- **Your objective**
Every line holding the word "Footprint" should be copied from the material.

○ ○ ○ ○ ○

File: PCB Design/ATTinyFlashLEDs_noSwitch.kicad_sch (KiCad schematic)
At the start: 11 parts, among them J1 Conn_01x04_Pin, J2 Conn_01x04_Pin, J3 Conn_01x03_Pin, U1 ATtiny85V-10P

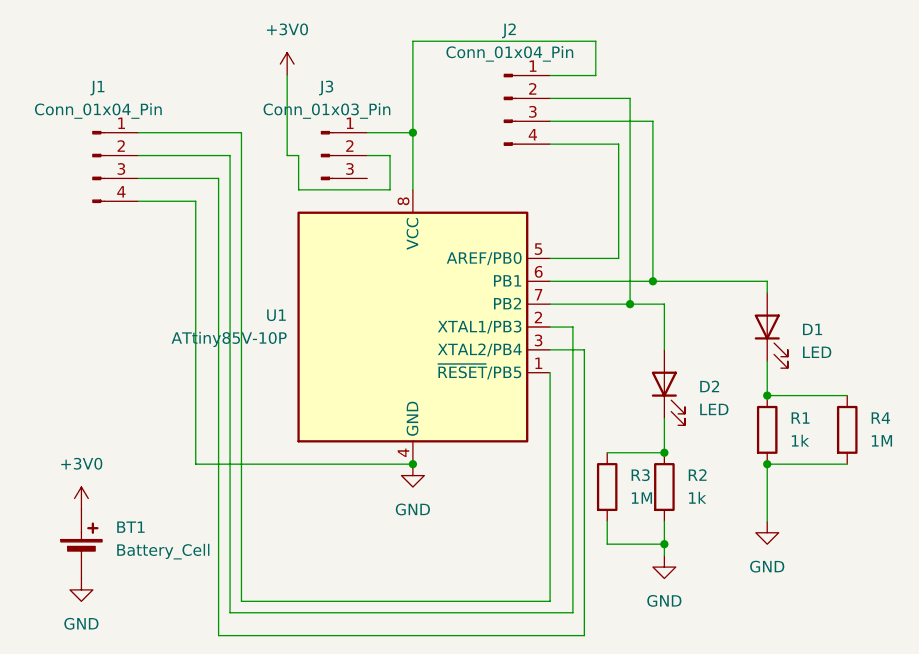
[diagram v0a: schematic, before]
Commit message: Added decoupling capacitor, moved power trace to back copper
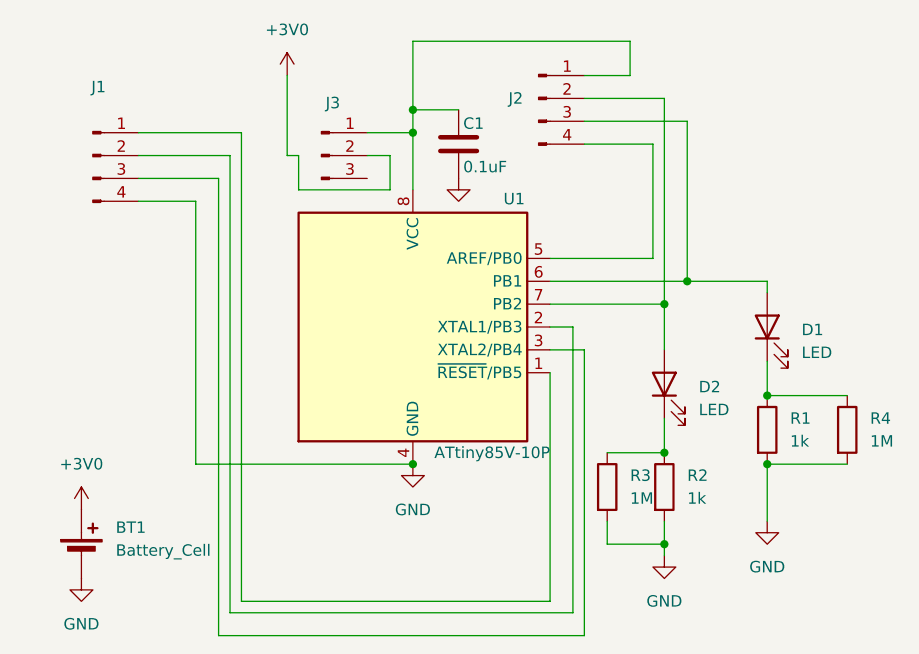
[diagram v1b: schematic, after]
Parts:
- added C1: 0.1uF, Capacitor_SMD:C_0603_1608Metric_Pad1.08x0.95mm_HandSolder, symbol Device:C
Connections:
- net GND: now also C1.2
- net at J2.1 (Pin_1), J3.1 (Pin_1), U1.8 (VCC): now also C1.1
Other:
- moved on the sheet: J2
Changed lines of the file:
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@@
 	)
 	(junction
-		(at 83.82 43.18)
+		(at 85.09 45.72)
+		(diameter 0)
+		(color 0 0 0 0)
+	)
+	(junction
+		(at 57.15 24.13)
 		(diameter 0)
 		(color 0 0 0 0)
@@
 	)
 	(junction
-		(at 81.28 45.72)
+		(at 57.15 26.67)
 		(diameter 0)
 		(color 0 0 0 0)
 	)
 	(junction
-		(at 57.15 26.67)
+		(at 87.63 43.18)
 		(diameter 0)
 		(color 0 0 0 0)
@@
 	(wire
 		(pts
-			(xy 81.28 22.86) (xy 81.28 45.72)
+			(xy 57.15 24.13) (xy 62.23 24.13)
+		)
+		(stroke
+			(width 0)
+			(type default)
+		)
+	)
+	(wire
+		(pts
+			(xy 85.09 22.86) (xy 85.09 45.72)
 		)
 		(stroke
@@
 	(wire
 		(pts
-			(xy 72.39 25.4) (xy 83.82 25.4)
+			(xy 76.2 25.4) (xy 87.63 25.4)
 		)
 		(stroke
@@
 	(wire
 		(pts
-			(xy 83.82 43.18) (xy 96.52 43.18)
-		)
-		(stroke
-			(width 0)
-			(type default)
-		)
-	)
-	(wire
-		(pts
-			(xy 81.28 45.72) (xy 85.09 45.72)
-		)
-		(stroke
-			(width 0)
-			(type default)
-		)
-	)
-	(wire
-		(pts
 			(xy 26.67 34.29) (xy 33.02 34.29)
 		)
@@
 	(wire
 		(pts
-			(xy 83.82 25.4) (xy 83.82 43.18)
+			(xy 87.63 25.4) (xy 87.63 43.18)
 		)
 		(stroke
@@
 	(wire
 		(pts
-			(xy 72.39 27.94) (xy 80.01 27.94)
+			(xy 76.2 27.94) (xy 83.82 27.94)
 		)
 		(stroke
@@
 	(wire
 		(pts
-			(xy 72.39 20.32) (xy 77.47 20.32)
-		)
-		(stroke
-			(width 0)
-			(type default)
-		)
-	)
-	(wire
-		(pts
-			(xy 77.47 16.51) (xy 57.15 16.51)
+			(xy 76.2 20.32) (xy 81.28 20.32)
+		)
+		(stroke
+			(width 0)
+			(type default)
+		)
+	)
+	(wire
+		(pts
+			(xy 57.15 24.13) (xy 57.15 26.67)
+		)
+		(stroke
+			(width 0)
+			(type default)
+		)
+	)
+	(wire
+		(pts
+			(xy 81.28 16.51) (xy 57.15 16.51)
 		)
 		(stroke
@@
 	(wire
 		(pts
-			(xy 72.39 40.64) (xy 80.01 40.64)
-		)
-		(stroke
-			(width 0)
-			(type default)
-		)
-	)
-	(wire
-		(pts
-			(xy 72.39 43.18) (xy 83.82 43.18)
+			(xy 72.39 40.64) (xy 83.82 40.64)
+		)
+		(stroke
+			(width 0)
+			(type default)
+		)
+	)
+	(wire
+		(pts
+			(xy 87.63 43.18) (xy 96.52 43.18)
+		)
+		(stroke
+			(width 0)
+			(type default)
+		)
+	)
+	(wire
+		(pts
+			(xy 72.39 43.18) (xy 87.63 43.18)
 		)
 		(stroke
@@
 	(wire
 		(pts
-			(xy 72.39 22.86) (xy 81.28 22.86)
+			(xy 76.2 22.86) (xy 85.09 22.86)
 		)
 		(stroke
@@
 	(wire
 		(pts
-			(xy 80.01 40.64) (xy 80.01 27.94)
-		)
-		(stroke
-			(width 0)
-			(type default)
-		)
-	)
-	(wire
-		(pts
-			(xy 57.15 16.51) (xy 57.15 26.67)
-		)
-		(stroke
-			(width 0)
-			(type default)
-		)
-	)
-	(wire
-		(pts
-			(xy 72.39 45.72) (xy 81.28 45.72)
+			(xy 83.82 40.64) (xy 83.82 27.94)
+		)
+		(stroke
+			(width 0)
+			(type default)
+		)
+	)
+	(wire
+		(pts
+			(xy 57.15 16.51) (xy 57.15 24.13)
+		)
+		(stroke
+			(width 0)
+			(type default)
+		)
+	)
+	(wire
+		(pts
+			(xy 72.39 45.72) (xy 85.09 45.72)
 		)
 		(stroke
@@
 	(wire
 		(pts
-			(xy 77.47 20.32) (xy 77.47 16.51)
+			(xy 81.28 20.32) (xy 81.28 16.51)
 		)
 		(stroke
@@
 	(symbol
 		(lib_id "Connector:Conn_01x04_Pin")
-		(at 67.31 22.86 0)
+		(at 71.12 22.86 0)
 		(unit 1)
 		(exclude_from_sim no)
@@
 		(on_board yes)
 		(dnp no)
-		(fields_autoplaced yes)
 		(property "Reference" "J2"
-			(at 67.945 15.24 0)
+			(at 68.58 22.86 0)
 			(effects
 				(font
@@
 		)
 		(property "Value" "Conn_01x04_Pin"
-			(at 67.945 17.78 0)
-			(effects
-				(font
-					(size 1.27 1.27)
-				)
+			(at 71.755 17.78 0)
+			(effects
+				(font
+					(size 1.27 1.27)
+				)
+				(hide yes)
 			)
 		)
 		(property "Footprint" "Connector_PinHeader_2.54mm:PinHeader_1x04_P2.54mm_Vertical"
-			(at 67.31 22.86 0)
+			(at 71.12 22.86 0)
 			(effects
 				(font
@@
 		)
 		(property "Datasheet" "~"
-			(at 67.31 22.86 0)
+			(at 71.12 22.86 0)
 			(effects
 				(font
@@
 		)
 		(property "Description" "Generic connector, single row, 01x04, script generated"
-			(at 67.31 22.86 0)
+			(at 71.12 22.86 0)
 			(effects
 				(font
@@
 	)
 	(symbol
+		(lib_id "Device:C")
+		(at 62.23 27.94 0)
+		(unit 1)
+		(exclude_from_sim no)
+		(in_bom yes)
+		(on_board yes)
+		(dnp no)
+		(property "Reference" "C1"
+			(at 62.738 25.654 0)
+			(effects
+				(font
+					(size 1.27 1.27)
+				)
+				(justify left)
+			)
+		)
+		(property "Value" "0.1uF"
+			(at 62.738 30.48 0)
+			(effects
+				(font
+					(size 1.27 1.27)
+				)
+				(justify left)
+			)
+		)
+		(property "Footprint" "Capacitor_SMD:C_0603_1608Metric_Pad1.08x0.95mm_HandSolder"
+			(at 63.1952 31.75 0)
+			(effects
+				(font
+					(size 1.27 1.27)
+				)
+				(hide yes)
+			)
+		)
+		(property "Datasheet" "~"
+			(at 62.23 27.94 0)
+			(effects
+				(font
+					(size 1.27 1.27)
+				)
+				(hide yes)
+			)
+		)
+		(property "Description" "Unpolarized capacitor"
+			(at 62.23 27.94 0)
+			(effects
+				(font
+					(size 1.27 1.27)
+				)
+				(hide yes)
+			)
+		)
+		(pin "2"
+		)
+		(pin "1"
+		)
+		(instances
+			(project ""
+				(path "/3e34162c-5c2f-4b82-8cf2-6b7148cf69da"
+					(reference "C1")
+					(unit 1)
+				)
+			)
+		)
+	)
+	(symbol
 		(lib_id "Device:Battery_Cell")
 		(at 20.32 73.66 0)
@@
 		(on_board yes)
 		(dnp no)
-		(fields_autoplaced yes)
 		(property "Reference" "J3"
-			(at 47.625 21.59 0)
+			(at 48.26 23.368 0)
 			(effects
 				(font
@@
 					(size 1.27 1.27)
 				)
+				(hide yes)
 			)
 		)
@@
 		(on_board yes)
 		(dnp no)
-		(fields_autoplaced yes)
 		(property "Reference" "J1"
 			(at 22.225 21.59 0)
@@
 		)
 		(property "Value" "Conn_01x04_Pin"
-			(at 22.225 24.13 0)
-			(effects
-				(font
-					(size 1.27 1.27)
-				)
+			(at 22.352 24.638 0)
+			(effects
+				(font
+					(size 1.27 1.27)
+				)
+				(hide yes)
 			)
 		)
@@
 		(on_board yes)
 		(dnp no)
-		(fields_autoplaced yes)
 		(property "Reference" "U1"
-			(at 43.18 46.9899 0)
+			(at 69.596 34.036 0)
 			(effects
 				(font
@@
 		)
 		(property "Value" "ATtiny85V-10P"
-			(at 43.18 49.5299 0)
+			(at 72.39 62.23 0)
 			(effects
 				(font
@@
 					(unit 1)
 				)
+			)
+		)
+	)
+	(symbol
+		(lib_id "power:GND")
+		(at 62.23 31.75 0)
+		(unit 1)
+		(exclude_from_sim no)
+		(in_bom yes)
+		(on_board yes)
+		(dnp no)
+		(fields_autoplaced yes)
+		(property "Reference" "#PWR07"
+			(at 62.23 38.1 0)
+			(effects
+				(font
+					(size 1.27 1.27)
+				)
+				(hide yes)
+			)
+		)
+		(property "Value" "GND"
+			(at 62.23 36.83 0)
+			(effects
+				(font
+					(size 1.27 1.27)
+				)
+				(hide yes)
+			)
+		)
+		(property "Footprint" ""
+			(at 62.23 31.75 0)
+			(effects
+				(font
+					(size 1.27 1.27)
+				)
+				(hide yes)
+			)
+		)
+		(property "Datasheet" ""
+			(at 62.23 31.75 0)
+			(effects
+				(font
+					(size 1.27 1.27)
+				)
+				(hide yes)
+			)
+		)
+		(property "Description" "Power symbol creates a global label with name \"GND\" , ground"
+			(at 62.23 31.75 0)
+			(effects
+				(font
+					(size 1.27 1.27)
+				)
+				(hide yes)
+			)
+		)
+		(pin "1"
+		)
+		(instances
+			(project "ATTinyFlashLEDs_noSwitch"
+				(path "/3e34162c-5c2f-4b82-8cf2-6b7148cf69da"
+					(reference "#PWR07")
+					(unit 1)
+				)

○ ○ ○ ○ ○

- **Response to this task**
 		(property "Footprint" "Connector_PinHeader_2.54mm:PinHeader_1x04_P2.54mm_Vertical"
+		(property "Footprint" "Capacitor_SMD:C_0603_1608Metric_Pad1.08x0.95mm_HandSolder"
+		(property "Footprint" ""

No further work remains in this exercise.